Круговерть Глава 43

     — Ведь если современники Иисуса сделали гигантский шаг вперёд, мысленно объединяя все силы, действующие в мире, в одну силу, в одну волю, носителем которой является некто один, воля которого перекрывает все другие воли, — то Иешуа пошёл куда дальше. Современники приходили к единобожию, к тому, что богов не множество разных, как считалось прежде, а Бог — один. Но всё же, всё же для них оставалось незыблемым это противопоставление: Бог и отдельно они — люди, отдельно каждый из них. Для них где-то там, на небесах (или где-то), был Бог, а здесь, на земле, были они, каждый из них по отдельности. Дальше этого они абстрагироваться ещё не могли. Они ещё не могли помыслить себя отвлечённо от своего тела. И тела эти, естественно, разделяли их между собой. И Богом. Существование для них представлялось только пребыванием в каком-то теле, никак иначе. Соответственно, и Бог был для них не чем иным, как тем же телом, где-то находящимся, чего-то желающим, требующим, на что-то гневающимся, что-то там любящим, что-то или кого-то ненавидящим. Только вот воля его, в отличие от их немощных волишек, представлялась им волей всемогущей, способной подчинить себе всё происходящее. Всё и всех. Что и говорить: эта воля была способна камни и воду превратить в хлеб и вино. Как же это, наверно, соблазнительно было, что бога можно было попросить, умилостивить, ублажить, чтобы он сделал, по своему всемогуществу, что-то и для тебя.  Но самое главное — для них Бог всё ещё где-то: где-то над, где-то раздельно, где-то не с ними, где-то отдельно от них.
 
     Незаметно для себя, Андрей перестал произносить свои мысли вслух. А просто продолжал думать про себя, так ему было много привычнее: «Иешуа же открыл для себя удивительную вещь, — думал Андрей, — Бог не где-то, Бог — в нас. Мы все есть проявление Бога. И он — не наша выдумка, а он та сила, что нас определяет и делает нас такими, каковы мы есть: живыми и настоящими. Бог и человек могут быть чем-то единым, только если они не являются лишь телами. Единство это — не материальное. Оно сущностное. Они едины в своей сущности. Для такого понимания и слов-то ещё не было придумано, отсюда это образное выражение: человек — сын божий. И это просто гигантский шаг в развитии абстрактного мышления. Этот шаг открывает для человека сущностной мир смыслов, смысловую вселенную, которая становится для человека более реальной, нежели вселенная звездной пыли, самих звёзд и всяких разных там галактик. В смысловой вселенной нет времени, а значит, нет смерти. Там всё, что есть, есть всегда. Там нет пространства, а значит, нет раздробленности, нет разобщённости. Там человек един…»

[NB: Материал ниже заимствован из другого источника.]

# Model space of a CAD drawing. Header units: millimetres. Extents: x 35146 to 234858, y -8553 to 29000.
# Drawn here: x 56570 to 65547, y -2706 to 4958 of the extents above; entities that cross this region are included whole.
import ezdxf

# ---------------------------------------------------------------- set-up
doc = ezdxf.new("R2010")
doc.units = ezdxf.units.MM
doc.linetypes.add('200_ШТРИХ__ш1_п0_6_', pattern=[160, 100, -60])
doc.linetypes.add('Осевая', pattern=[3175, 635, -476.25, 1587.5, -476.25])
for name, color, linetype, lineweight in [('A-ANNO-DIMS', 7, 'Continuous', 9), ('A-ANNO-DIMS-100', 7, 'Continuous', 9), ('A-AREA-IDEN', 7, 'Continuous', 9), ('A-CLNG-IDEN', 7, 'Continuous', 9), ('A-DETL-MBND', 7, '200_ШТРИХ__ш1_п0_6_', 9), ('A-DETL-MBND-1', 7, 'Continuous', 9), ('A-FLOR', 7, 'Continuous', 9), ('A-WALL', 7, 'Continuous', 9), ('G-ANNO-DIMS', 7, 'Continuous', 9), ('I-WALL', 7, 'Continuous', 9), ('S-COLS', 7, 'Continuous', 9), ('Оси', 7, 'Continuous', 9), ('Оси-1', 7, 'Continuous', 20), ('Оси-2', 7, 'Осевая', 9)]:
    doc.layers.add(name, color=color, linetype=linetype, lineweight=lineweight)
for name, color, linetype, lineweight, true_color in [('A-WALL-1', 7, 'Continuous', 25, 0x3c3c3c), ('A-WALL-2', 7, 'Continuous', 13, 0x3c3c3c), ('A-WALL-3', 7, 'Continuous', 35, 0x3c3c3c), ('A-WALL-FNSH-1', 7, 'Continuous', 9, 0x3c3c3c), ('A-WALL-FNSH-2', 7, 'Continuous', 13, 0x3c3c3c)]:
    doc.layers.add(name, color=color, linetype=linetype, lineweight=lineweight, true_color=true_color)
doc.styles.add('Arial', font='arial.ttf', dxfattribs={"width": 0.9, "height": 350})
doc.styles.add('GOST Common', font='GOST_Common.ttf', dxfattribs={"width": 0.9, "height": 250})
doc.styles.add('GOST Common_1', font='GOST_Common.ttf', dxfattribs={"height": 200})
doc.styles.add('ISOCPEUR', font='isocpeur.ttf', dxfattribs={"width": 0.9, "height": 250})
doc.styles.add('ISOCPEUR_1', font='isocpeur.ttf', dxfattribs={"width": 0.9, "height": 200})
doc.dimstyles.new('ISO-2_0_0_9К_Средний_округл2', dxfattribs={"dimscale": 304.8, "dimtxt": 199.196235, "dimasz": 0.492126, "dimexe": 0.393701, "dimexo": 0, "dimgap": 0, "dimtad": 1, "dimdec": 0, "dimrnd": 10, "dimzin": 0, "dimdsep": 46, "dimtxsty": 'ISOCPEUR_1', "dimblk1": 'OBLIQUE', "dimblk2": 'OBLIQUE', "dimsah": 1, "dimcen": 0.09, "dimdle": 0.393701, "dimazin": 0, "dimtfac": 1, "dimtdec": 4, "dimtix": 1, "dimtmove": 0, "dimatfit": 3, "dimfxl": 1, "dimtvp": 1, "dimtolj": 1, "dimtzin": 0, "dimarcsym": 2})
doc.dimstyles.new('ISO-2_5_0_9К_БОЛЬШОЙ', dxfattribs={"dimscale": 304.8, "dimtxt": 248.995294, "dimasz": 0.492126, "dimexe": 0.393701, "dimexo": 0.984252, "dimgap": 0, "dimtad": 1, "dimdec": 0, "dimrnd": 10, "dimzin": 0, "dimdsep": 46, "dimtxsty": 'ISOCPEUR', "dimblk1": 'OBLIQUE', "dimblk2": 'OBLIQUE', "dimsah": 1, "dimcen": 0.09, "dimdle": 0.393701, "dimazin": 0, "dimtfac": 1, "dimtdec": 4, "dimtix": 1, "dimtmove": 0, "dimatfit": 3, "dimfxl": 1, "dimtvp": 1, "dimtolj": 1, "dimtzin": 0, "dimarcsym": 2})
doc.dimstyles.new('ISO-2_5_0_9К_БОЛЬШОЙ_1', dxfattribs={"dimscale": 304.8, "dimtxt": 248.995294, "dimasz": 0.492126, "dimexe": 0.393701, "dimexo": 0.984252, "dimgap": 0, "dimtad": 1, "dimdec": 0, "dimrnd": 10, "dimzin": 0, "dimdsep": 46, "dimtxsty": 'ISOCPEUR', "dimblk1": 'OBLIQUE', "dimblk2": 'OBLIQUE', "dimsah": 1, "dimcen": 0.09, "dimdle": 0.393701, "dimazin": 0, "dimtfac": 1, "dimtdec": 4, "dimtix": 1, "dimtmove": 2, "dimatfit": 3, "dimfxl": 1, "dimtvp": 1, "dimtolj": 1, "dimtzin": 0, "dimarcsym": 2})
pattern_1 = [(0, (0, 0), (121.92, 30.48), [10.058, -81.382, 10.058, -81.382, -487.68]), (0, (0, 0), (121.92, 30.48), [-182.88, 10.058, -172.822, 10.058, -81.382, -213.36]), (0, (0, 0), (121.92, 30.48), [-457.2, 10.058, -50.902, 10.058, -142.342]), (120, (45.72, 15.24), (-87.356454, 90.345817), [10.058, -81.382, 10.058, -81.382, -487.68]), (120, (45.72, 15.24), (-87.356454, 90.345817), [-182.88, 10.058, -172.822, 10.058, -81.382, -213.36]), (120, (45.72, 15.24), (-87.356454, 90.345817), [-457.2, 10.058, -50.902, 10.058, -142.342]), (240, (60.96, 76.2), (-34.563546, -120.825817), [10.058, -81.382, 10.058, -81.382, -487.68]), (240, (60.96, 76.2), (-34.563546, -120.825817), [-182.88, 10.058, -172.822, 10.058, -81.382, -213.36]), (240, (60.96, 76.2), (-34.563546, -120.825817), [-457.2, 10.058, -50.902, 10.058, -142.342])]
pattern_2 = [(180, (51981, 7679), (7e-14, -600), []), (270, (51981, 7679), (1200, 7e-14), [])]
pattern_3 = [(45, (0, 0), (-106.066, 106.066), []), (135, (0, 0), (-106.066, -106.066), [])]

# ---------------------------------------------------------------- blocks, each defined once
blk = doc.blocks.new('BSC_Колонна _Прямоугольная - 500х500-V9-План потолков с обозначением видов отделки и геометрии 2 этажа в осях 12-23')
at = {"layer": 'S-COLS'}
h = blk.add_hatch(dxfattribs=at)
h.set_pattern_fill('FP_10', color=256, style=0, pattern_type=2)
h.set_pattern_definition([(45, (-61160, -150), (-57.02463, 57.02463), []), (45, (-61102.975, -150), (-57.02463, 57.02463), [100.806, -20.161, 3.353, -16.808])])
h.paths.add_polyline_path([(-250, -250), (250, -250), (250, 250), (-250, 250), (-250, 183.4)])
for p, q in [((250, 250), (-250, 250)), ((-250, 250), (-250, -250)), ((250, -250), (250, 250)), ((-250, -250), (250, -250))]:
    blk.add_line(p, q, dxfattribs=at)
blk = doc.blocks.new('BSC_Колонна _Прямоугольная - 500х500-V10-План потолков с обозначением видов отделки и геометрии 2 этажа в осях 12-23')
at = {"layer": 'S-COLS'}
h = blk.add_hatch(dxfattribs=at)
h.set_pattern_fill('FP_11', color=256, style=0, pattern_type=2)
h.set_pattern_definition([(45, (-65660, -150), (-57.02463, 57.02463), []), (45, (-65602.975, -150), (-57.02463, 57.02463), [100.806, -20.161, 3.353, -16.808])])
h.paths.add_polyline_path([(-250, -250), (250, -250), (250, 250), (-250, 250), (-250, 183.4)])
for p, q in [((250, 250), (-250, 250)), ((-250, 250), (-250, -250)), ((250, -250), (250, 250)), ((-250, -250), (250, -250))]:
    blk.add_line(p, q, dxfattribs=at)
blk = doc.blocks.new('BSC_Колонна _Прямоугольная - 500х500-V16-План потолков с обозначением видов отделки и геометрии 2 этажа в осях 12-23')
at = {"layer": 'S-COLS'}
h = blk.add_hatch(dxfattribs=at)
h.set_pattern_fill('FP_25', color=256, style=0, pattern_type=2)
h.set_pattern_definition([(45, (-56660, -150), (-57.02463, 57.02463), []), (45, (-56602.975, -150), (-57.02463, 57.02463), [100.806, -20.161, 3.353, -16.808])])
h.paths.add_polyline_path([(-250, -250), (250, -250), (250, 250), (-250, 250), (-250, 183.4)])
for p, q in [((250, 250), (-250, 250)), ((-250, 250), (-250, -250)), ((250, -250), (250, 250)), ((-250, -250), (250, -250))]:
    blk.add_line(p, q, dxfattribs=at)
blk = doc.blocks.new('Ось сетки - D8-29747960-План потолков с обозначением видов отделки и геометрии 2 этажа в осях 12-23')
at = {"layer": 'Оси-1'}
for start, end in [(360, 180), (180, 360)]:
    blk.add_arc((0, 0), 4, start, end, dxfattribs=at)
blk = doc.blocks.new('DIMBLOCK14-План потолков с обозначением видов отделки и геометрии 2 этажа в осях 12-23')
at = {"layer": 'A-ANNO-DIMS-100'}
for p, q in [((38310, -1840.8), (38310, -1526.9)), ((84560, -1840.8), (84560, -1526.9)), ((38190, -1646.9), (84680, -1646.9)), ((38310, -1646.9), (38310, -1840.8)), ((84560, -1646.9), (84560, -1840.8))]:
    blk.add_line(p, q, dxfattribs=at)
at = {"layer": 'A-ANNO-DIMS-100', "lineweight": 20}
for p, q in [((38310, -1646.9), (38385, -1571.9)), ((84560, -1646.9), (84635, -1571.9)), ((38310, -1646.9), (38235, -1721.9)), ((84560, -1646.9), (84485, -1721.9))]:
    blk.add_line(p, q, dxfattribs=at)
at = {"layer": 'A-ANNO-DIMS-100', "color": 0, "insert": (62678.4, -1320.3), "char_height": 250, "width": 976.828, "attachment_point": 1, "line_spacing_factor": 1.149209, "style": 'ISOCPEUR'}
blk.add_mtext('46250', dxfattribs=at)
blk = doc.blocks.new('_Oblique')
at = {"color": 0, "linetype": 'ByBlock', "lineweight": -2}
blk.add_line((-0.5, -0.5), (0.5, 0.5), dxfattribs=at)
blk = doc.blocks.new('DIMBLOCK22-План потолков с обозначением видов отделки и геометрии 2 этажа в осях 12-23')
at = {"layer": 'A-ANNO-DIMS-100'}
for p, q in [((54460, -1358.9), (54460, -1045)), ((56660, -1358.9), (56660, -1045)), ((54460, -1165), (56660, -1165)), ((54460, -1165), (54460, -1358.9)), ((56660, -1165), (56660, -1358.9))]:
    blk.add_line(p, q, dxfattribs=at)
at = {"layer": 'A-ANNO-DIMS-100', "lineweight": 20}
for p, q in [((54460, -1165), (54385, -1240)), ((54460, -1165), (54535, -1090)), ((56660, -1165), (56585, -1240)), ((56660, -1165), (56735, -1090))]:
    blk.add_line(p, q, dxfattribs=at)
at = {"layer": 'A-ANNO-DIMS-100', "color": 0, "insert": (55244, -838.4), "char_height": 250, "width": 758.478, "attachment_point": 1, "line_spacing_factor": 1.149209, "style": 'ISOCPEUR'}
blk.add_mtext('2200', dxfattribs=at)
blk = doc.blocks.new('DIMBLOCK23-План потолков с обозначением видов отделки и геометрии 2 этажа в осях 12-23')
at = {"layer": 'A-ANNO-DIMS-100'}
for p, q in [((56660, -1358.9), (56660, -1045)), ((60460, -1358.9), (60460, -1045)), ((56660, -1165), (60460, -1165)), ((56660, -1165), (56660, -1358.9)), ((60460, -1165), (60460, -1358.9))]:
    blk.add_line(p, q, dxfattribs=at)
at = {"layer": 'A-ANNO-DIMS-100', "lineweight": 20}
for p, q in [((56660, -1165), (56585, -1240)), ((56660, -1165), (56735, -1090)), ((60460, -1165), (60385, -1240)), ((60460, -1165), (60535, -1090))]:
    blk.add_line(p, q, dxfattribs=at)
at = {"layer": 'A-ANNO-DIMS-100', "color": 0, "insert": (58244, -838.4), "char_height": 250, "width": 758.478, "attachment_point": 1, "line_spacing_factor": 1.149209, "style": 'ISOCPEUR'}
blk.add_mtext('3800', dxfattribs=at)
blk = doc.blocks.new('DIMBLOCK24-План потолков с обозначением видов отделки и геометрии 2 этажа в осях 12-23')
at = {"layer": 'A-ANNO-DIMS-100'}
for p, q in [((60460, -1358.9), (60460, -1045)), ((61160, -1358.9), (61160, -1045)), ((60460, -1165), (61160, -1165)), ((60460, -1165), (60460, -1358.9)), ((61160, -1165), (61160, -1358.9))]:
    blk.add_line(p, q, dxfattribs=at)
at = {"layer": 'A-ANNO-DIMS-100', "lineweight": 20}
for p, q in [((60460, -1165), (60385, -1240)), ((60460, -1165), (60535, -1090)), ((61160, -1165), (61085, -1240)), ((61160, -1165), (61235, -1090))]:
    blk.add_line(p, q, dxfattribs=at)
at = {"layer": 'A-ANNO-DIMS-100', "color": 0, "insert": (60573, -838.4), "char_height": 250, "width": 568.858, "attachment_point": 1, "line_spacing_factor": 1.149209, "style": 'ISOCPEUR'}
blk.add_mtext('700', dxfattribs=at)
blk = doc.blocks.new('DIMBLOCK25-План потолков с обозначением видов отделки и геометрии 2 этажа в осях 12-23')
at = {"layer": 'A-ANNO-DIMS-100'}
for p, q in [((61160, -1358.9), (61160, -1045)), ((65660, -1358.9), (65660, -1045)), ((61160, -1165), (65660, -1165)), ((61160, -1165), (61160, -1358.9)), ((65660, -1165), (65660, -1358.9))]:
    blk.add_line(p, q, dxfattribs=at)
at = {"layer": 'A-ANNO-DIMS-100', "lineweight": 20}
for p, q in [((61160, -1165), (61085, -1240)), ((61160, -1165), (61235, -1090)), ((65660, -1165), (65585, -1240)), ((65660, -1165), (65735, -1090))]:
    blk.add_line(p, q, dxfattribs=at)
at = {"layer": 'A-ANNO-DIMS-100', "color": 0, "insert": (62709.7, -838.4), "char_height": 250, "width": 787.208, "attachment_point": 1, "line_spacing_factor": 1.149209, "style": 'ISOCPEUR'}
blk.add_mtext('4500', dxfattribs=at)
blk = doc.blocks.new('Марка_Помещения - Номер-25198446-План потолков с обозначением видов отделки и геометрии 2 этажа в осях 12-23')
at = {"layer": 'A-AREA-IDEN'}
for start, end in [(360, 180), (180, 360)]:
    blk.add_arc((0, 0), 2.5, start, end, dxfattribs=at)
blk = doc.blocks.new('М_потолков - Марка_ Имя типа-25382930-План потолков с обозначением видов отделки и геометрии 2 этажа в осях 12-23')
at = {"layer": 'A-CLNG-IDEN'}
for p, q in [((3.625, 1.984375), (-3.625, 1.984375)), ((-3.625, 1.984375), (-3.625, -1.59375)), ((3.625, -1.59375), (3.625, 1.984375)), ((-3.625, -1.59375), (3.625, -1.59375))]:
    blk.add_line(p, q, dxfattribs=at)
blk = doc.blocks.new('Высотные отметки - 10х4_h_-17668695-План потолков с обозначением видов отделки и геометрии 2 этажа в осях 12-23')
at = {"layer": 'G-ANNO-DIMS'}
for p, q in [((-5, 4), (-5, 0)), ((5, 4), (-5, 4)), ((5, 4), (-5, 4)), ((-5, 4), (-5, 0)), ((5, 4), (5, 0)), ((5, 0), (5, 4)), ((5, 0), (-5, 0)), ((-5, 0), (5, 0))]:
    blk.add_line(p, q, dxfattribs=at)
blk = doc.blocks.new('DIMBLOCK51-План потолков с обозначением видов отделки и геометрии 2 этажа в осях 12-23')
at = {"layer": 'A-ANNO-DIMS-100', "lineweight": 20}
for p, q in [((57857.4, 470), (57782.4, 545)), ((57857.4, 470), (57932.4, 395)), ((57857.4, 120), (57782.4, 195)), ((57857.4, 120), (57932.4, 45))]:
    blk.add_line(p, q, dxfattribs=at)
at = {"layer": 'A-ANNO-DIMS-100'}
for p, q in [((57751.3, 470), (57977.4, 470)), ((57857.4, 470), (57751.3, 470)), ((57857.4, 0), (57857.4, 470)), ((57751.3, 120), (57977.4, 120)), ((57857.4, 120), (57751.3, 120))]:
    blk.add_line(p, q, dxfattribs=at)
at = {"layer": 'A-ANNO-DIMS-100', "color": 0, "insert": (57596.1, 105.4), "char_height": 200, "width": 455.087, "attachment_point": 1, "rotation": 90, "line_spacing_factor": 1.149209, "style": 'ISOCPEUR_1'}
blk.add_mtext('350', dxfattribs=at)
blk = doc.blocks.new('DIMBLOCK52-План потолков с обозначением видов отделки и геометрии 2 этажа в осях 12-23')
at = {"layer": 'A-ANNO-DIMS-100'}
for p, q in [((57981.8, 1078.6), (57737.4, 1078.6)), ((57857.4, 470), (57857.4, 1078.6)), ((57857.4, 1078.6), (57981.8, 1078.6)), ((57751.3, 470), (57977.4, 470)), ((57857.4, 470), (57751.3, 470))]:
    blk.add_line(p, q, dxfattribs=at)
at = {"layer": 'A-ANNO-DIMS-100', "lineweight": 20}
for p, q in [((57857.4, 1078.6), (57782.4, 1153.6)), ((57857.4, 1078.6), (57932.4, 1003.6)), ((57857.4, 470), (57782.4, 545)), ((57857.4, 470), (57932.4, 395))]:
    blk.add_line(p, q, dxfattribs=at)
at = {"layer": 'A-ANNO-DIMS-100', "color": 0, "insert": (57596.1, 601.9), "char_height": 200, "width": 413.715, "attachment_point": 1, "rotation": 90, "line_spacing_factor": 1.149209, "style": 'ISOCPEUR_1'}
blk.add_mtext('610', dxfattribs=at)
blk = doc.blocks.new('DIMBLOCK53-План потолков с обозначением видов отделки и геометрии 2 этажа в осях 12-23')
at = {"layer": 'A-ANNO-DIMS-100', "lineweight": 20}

     Валентина уже дышала ровно, за окном стоял монотонный гул ночного города. «Люди спят, а города никогда совсем не засыпают». Жена была рядом, а остальные люди были где-то там, равномерно распределенные и все попрятанные где-то там, в этом ночном гуле. И так по всему свету. «Так это сейчас, так это было и тогда, сто поколений назад. В тех людях было всё то же «я», что и в нас». И опять он почувствовал это и заново, уже как-то по-новому, уяснил для себя, что это самое «я» — во всех людях одно и то же. «И теперь и тогда». И всегда. И это не какое-то образное выражение, а это самая реальная действительность. Изнутри каждого человека «я» всегда одно единственное. И никакое другое «я» оно там внутри, добавить к себе не может. Оно там не бывает во множественном числе. К нему вообще не применима категория числа. И мы никакое другое «я» изнутри увидеть не можем, мы видим «другие я» лишь снаружи, догадываясь, что в других живых существах есть такое же «я», как и во мне. Но теперь ему стало совершенно ясно, что оно, это «я», не такое же, а то же самое. Именно то же самое. «И во мне, и в Вале, и во всех…» Телесная разделённость в пространстве и разделённость между людьми во времени на самом деле явление кажущееся. И основано оно на способности мозга отделять своё тело от не своего.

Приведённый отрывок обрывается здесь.